SAMUDERA NEWS– Satuan Reserse Narkoba Polresta Bandar Lampung mengamankan 38 pelaku narkoba dalam kurun waktu satu bulan, Mei 2025. Tersangka yang ditangkap terdiri dari kurir, pengedar, dan bandar yang beroperasi di wilayah hukum Polresta Bandar Lampung.
Kapolresta Bandar Lampung, Kombes Pol Alfret Jacob Tilukay, menjelaskan pengungkapan kasus ini meliputi 20 perkara, dengan 35 laki-laki dan 3 perempuan sebagai tersangka.
“Kami telah menggagalkan peredaran narkoba yang berpotensi merusak generasi muda. Tidak ada tempat bagi narkoba di Bandar Lampung,” kata Alfret dalam konferensi pers Sabtu (7/6/2025).
📦 Barang Bukti Senilai Miliaran
Petugas menyita barang bukti berupa:
- Sabu seberat 6.317,23 gram
- Ganja sebanyak 92,81 gram
- Tembakau sintetis 0,56 gram
- Pil ekstasi 1.603 butir
Nilai ekonomis total diperkirakan mencapai Rp6,88 miliar. Berdasarkan perhitungan kepolisian, upaya ini berhasil menyelamatkan sekitar 25.200 jiwa dari bahaya narkoba.
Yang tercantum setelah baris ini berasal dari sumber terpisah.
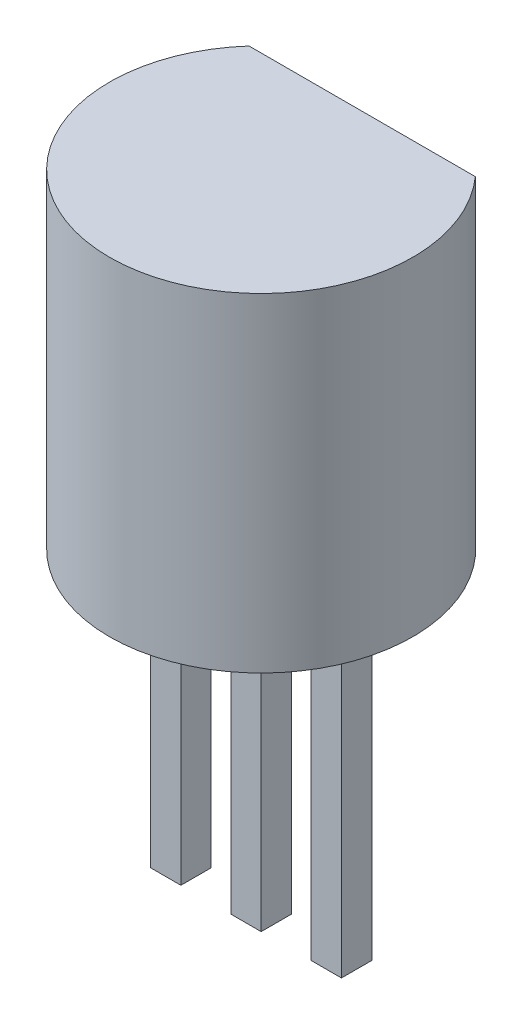
SolidWorks part; units mm, degrees
ref_plane "Alzado" through (0, 0, 0) normal (0, 0, 1) x (1, 0, 0)
ref_plane "Planta" through (0, 0, 0) normal (0, 1, 0) x (1, 0, 0)
ref_plane "Vista lateral" through (0, 0, 0) normal (1, 0, 0) x (0, 0, -1)
sketch "Sketch1" plane through (0, 0, 0) normal (0, 1, 0) x (1, 0, 0)
  line L0 (-1.79, 1.5987) -> (1.79, 1.5987)
  arc A0 (-1.79, 1.5987) -> (1.79, 1.5987) centre (0, 0) ccw
  dimension "D1" = 4.8
  dimension "D2" = 3.58
extrude "Boss-Extrude1" add sketch "Sketch1" along normal blind 5.2
sketch "Sketch2" plane through (0, 0, 0) normal (0, -1, 0) x (1, 0, 0)
  line L0 (-0.24, 0.24) -> (0.24, -0.24) construction
  line L5 (-0.24, 0.24) -> (0.24, 0.24)
  line L6 (-0.24, 0.24) -> (-0.24, -0.24)
  line L7 (-0.24, -0.24) -> (0.24, -0.24)
  line L8 (0.24, 0.24) -> (0.24, -0.24)
  point P0 (0, 0)
  dimension "D1" = 0.48
extrude "Boss-Extrude2" add sketch "Sketch2" along normal blind 5
pattern_linear "LPattern1" count 2 spacing 1.27 along (1, 0, 0) count 2 spacing 1.27 along (-1, 0, 0) of "Boss-Extrude2" pattern seed only yes
ref_axis "Axis1" through (0, 5.71, 0) along (0, -1, 0)
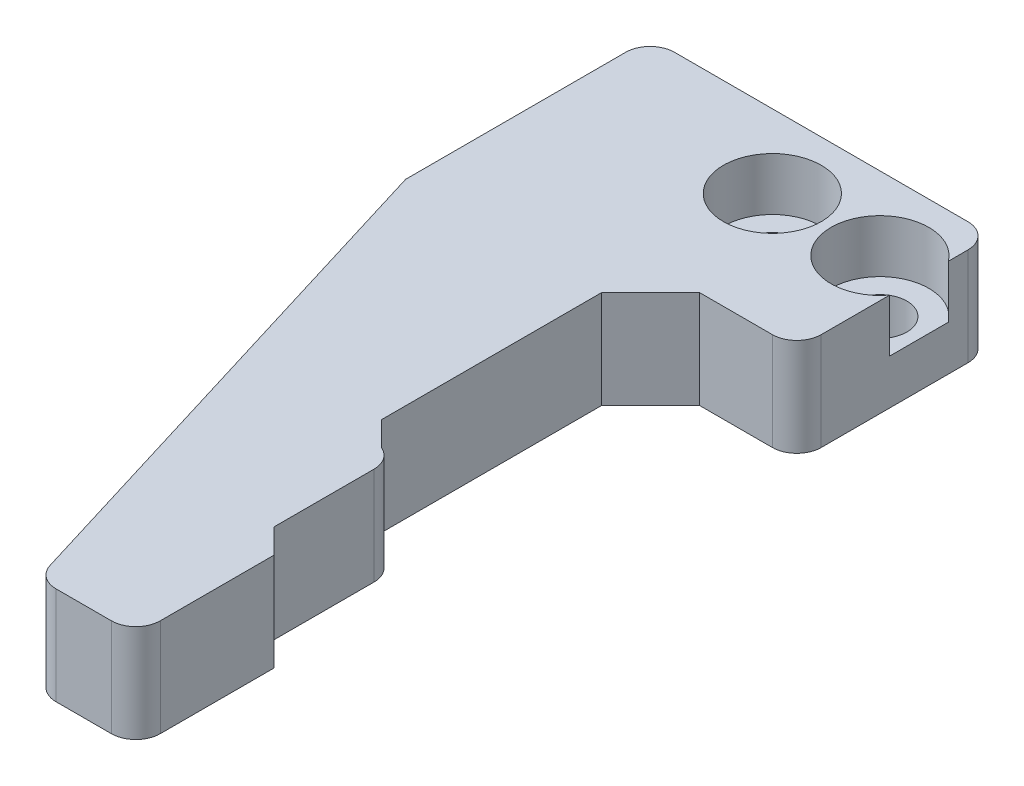
SolidWorks part; units mm, degrees
ref_plane "Front Plane" through (0, 0, 0) normal (0, 0, 1) x (1, 0, 0)
ref_plane "Top Plane" through (0, 0, 0) normal (0, 1, 0) x (1, 0, 0)
ref_plane "Right Plane" through (0, 0, 0) normal (1, 0, 0) x (0, 0, -1)
sketch "Sketch1" plane through (0, 0, 0) normal (0, 1, 0) x (1, 0, 0)
  line L0 (-100, 0) -> (100, 0) construction
  line L1 (0, -100) -> (0, 100) construction
  line L3 (8.5, 4.9075) -> (8.5, 14.7224) construction
  line L4 (8.5, 14.7224) -> (0, 19.6299) construction
  line L5 (0, 19.6299) -> (-8.5, 14.7224) construction
  line L6 (-8.5, 14.7224) -> (-8.5, 4.9075) construction
  line L7 (-8.5, 4.9075) -> (0, 0) construction
  line L8 (0, 0) -> (8.5, 4.9075) construction
  line L9 (11, 17.4641) -> (11, 30.1658) construction
  line L10 (11, 30.1658) -> (0, 36.5167) construction
  line L11 (0, 36.5167) -> (-11, 30.1658) construction
  line L12 (-11, 30.1658) -> (-11, 17.4641) construction
  line L13 (-11, 17.4641) -> (0, 11.1132) construction
  line L14 (0, 11.1132) -> (11, 17.4641) construction
  line L15 (15, 50.4752) -> (0, 59.1355) construction
  line L16 (0, 59.1355) -> (-15, 50.4752) construction
  line L17 (-15, 50.4752) -> (-15, 33.1547) construction
  line L18 (-15, 33.1547) -> (0, 24.4944) construction
  line L19 (0, 24.4944) -> (15, 33.1547) construction
  line L20 (15, 33.1547) -> (15, 50.4752) construction
  circle A0 centre (0, 9.815) radius 8.5 construction
  circle A1 centre (0, 23.815) radius 11 construction
  circle A2 centre (0, 41.815) radius 15 construction
  point P4 (0, 0)
  point P8 (0, 0)
  dimension "D2" = 17
  dimension "D4" = 22
  dimension "D6" = 30
  dimension "D1" = 200
  dimension "D3" = 14
  dimension "D5" = 18
sketch "Sketch2" plane through (0, 0, 0) normal (0, 1, 0) x (1, 0, 0)
  line L0 (0, 59.1355) -> (-14.95, 59.1355)
  line L1 (-14.95, 59.1355) -> (-14.95, 29.1355)
  line L2 (-14.95, 29.1355) -> (-10.95, 29.1355)
  line L3 (-10.95, 29.1355) -> (-10.95, 14.1355)
  line L4 (-10.95, 14.1355) -> (-8.45, 14.1355)
  line L5 (-8.45, 14.1355) -> (-8.45, 0)
  line L6 (-100, 0) -> (100, 0) construction
  line L7 (0, -100) -> (0, 100) construction
  line L8 (0, 59.1355) -> (0, 79.1355)
  line L9 (0, 79.1355) -> (-35, 79.1355)
  line L12 (-8.45, 0) -> (-18.45, 0)
  line L13 (-18.45, 0) -> (-35, 54.1355)
  line L14 (-35, 54.1355) -> (-35, 79.1355)
  dimension "D1" = 14.95
  dimension "D2" = 4
  dimension "D3" = 8.45
  dimension "D4" = 30
  dimension "D5" = 15
  dimension "D6" = 20
  dimension "D7" = 10
  dimension "D8" = 25
  dimension "D9" = 35
extrude "Boss-Extrude1" add sketch "Sketch2" along normal blind 10
chamfer "Chamfer1" distance 5 angle 45 1 edges at (-14.95, 5, -59.1355)
chamfer "Chamfer2" distance 2.5 angle 45 2 edges at (-10.95, 5, -14.1355) (-14.95, 5, -29.1355)
fillet "Fillet1" radius 2.5 6 edges at (0, 5, -79.1355) (-8.45, 5, 0) (-18.45, 5, 0) (-35, 5, -79.1355) (0, 5, -59.1355) (-10.95, 5, -29.1355)
sketch "Sketch3" plane through (0, 10, 0) normal (0, 1, 0) x (1, 0, 0)
  line L0 (-15, 71.6355) -> (-4, 71.6355) construction
  line L1 (-2.5, 79.1355) -> (-32.5, 79.1355) construction
  line L2 (0, -100) -> (0, 100) construction
  dimension "D1" = 11
  dimension "D2" = 7.5
  dimension "D3" = 4
hole_wizard "CBORE for M5 Hex Socket Head Cap Screw2" positions "Sketch6" profile "Sketch7" counterbore size "M5" standard "DIN"
sketch "Sketch6" plane through (0, 10, 0) normal (0, 1, 0) x (1, 0, 0)
  point P0 (-15, 71.6355)
  point P3 (-4, 71.6355)
sketch "Sketch7" plane through (-15, 10, -71.6355) normal (1, 0, 0) x (0, 0, 1)
  line L0 (0, 0) -> (0, 11.6524)
  line L1 (0, 11.6524) -> (2.75, 10)
  line L2 (2.75, 10) -> (2.75, 5.4)
  line L3 (2.75, 5.4) -> (5, 5.4)
  line L4 (5, 5.4) -> (5, 0)
  line L5 (5, 0) -> (0, 0)
  line L10 (0, 11.6524) -> (-2.75, 10) construction
  line L11 (0, -6.35) -> (0, 107.95) construction
  dimension "Hole Dia." = 5.5
  dimension "Hole Depth" = 10
  dimension "C'Bore Dia." = 10
  dimension "C'Bore Depth" = 5.4
  dimension "Drill Angle" = 118

📢 Masyarakat Diajak Terlibat
Kapolresta Alfret mengimbau warga untuk aktif melaporkan segala bentuk penyalahgunaan narkoba yang terjadi di lingkungan masing-masing.
“Peran serta masyarakat sangat penting dalam memberantas narkoba. Jangan ragu untuk melapor,” imbau Kapolresta.
🔍 Modus Operandi dan Wilayah Rawan
Kasat Narkoba, Kompol I Made Indra Wijaya, menambahkan mayoritas kasus berasal dari wilayah Teluk Betung Utara dan Teluk Betung Timur. Modus yang digunakan pelaku beragam, mulai dari transaksi langsung hingga pembelian lewat daring.
“Sebagian besar tersangka dikenakan Pasal 114 dan 112, sisanya Pasal 127 UU Narkotika,” jelasnya.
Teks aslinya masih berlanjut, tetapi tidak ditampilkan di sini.